Such high caseloads leave management of the services to the recipient. The frail recipients are told how many hours of care they are eligible for but are left to advertise for, screen, hire, train, supervise and/or fire their own workers.
In some counties, registries of workers are offered to IHSS recipients. Unfortunately, in many cases the lists are not current, showing people no longer available, or do not reflect the status of workers who already have full schedules. But there are worse problems with some registries. A February 3, 1991 Sacramento Bee article revealed that of 630 people on Sacramento County's list of potential chore workers, 16 had prior convictions for petty theft, 10 for possession of drugs for sale, seven for possession of drugs, five for burglary, three for assault with a deadly weapon and three for robbery. One woman on the list is actually in prison serving a four-year term. In sentencing another on the list, a judge said the woman was "an incorrigible thief. What I see is someone who has stolen from innocent people. Time and time again, she has stolen from innocent people."
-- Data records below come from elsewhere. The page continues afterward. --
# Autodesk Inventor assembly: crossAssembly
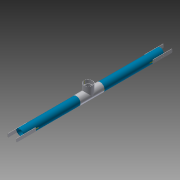
[picture p0: Inventor's stored thumbnail of the model, 180x180]
Saved by Autodesk Inventor 2014 (Build 180170000, 170)
## iProperties
Created: 2013-12-03
Part Number: crossAssembly
Document SubType Name: Assembly
Designer: Dave
Author: Dave
## Documents named in this file (4)
- C:\Users\ddeboer\Desktop\hera-cad\surface\crossAssembly.iam
- C:\Users\ddeboer\Desktop\hera-cad\smallParts\pvc_T_2in.ipt
- C:\Users\ddeboer\Desktop\hera-cad\surface\cross.ipt
- C:\Users\ddeboer\Desktop\hera-cad\smallParts\joinerBracket.ipt
## Components (7 placed, 3 different names)
1. pvc_T_2in:1 — Insert:2, Insert:3, Angle:2, Angle:3
2. cross:1 — Insert:2, Angle:3, Insert:5, Angle:4, Insert:7
3. cross:2 — Insert:3, Insert:4, Angle:1, Angle:2, Insert:6
4. joinerBracket:1 — Insert:4, Angle:1, Angle:5
5. joinerBracket:2 — Insert:6, Angle:5
6. joinerBracket:3 — Insert:7, Angle:6
7. joinerBracket:4 — Insert:5, Angle:4, Angle:6
## Relationships (12: Insert 6, Angle 6)
- Insert:2 (-25.4 mm): pvc_T_2in:1 ↔ cross:1
- Insert:3: pvc_T_2in:1 ↔ cross:2
- Insert:4: cross:2 ↔ joinerBracket:1
- Angle:1 (180 deg): cross:2 ↔ joinerBracket:1
- Angle:2 (0 deg): pvc_T_2in:1 ↔ cross:2
- Angle:3 (0 deg): pvc_T_2in:1 ↔ cross:1
- Insert:5: cross:1 ↔ joinerBracket:4
- Angle:4 (180 deg): cross:1 ↔ joinerBracket:4
- Insert:6: cross:2 ↔ joinerBracket:2
- Angle:5 (0 deg): joinerBracket:1 ↔ joinerBracket:2
- Insert:7: cross:1 ↔ joinerBracket:3
- Angle:6 (0 deg): joinerBracket:3 ↔ joinerBracket:4

Although counties warn recipients that they do not screen the lists, program participants understandably may feel there is some implied "approval" of registry workers. But those who have problems with their workers may expect little help from the same county bureaucracy that gave them the worker to start with. A Sacramento County official told the Bee, "I feel horrible that people with those kinds of backgrounds are providing service to vulnerable, frail elderly and disabled people. But one of the positive things about the program is that clients are allowed to hire whomever they want. We don't have the right to do it and we don't have the money."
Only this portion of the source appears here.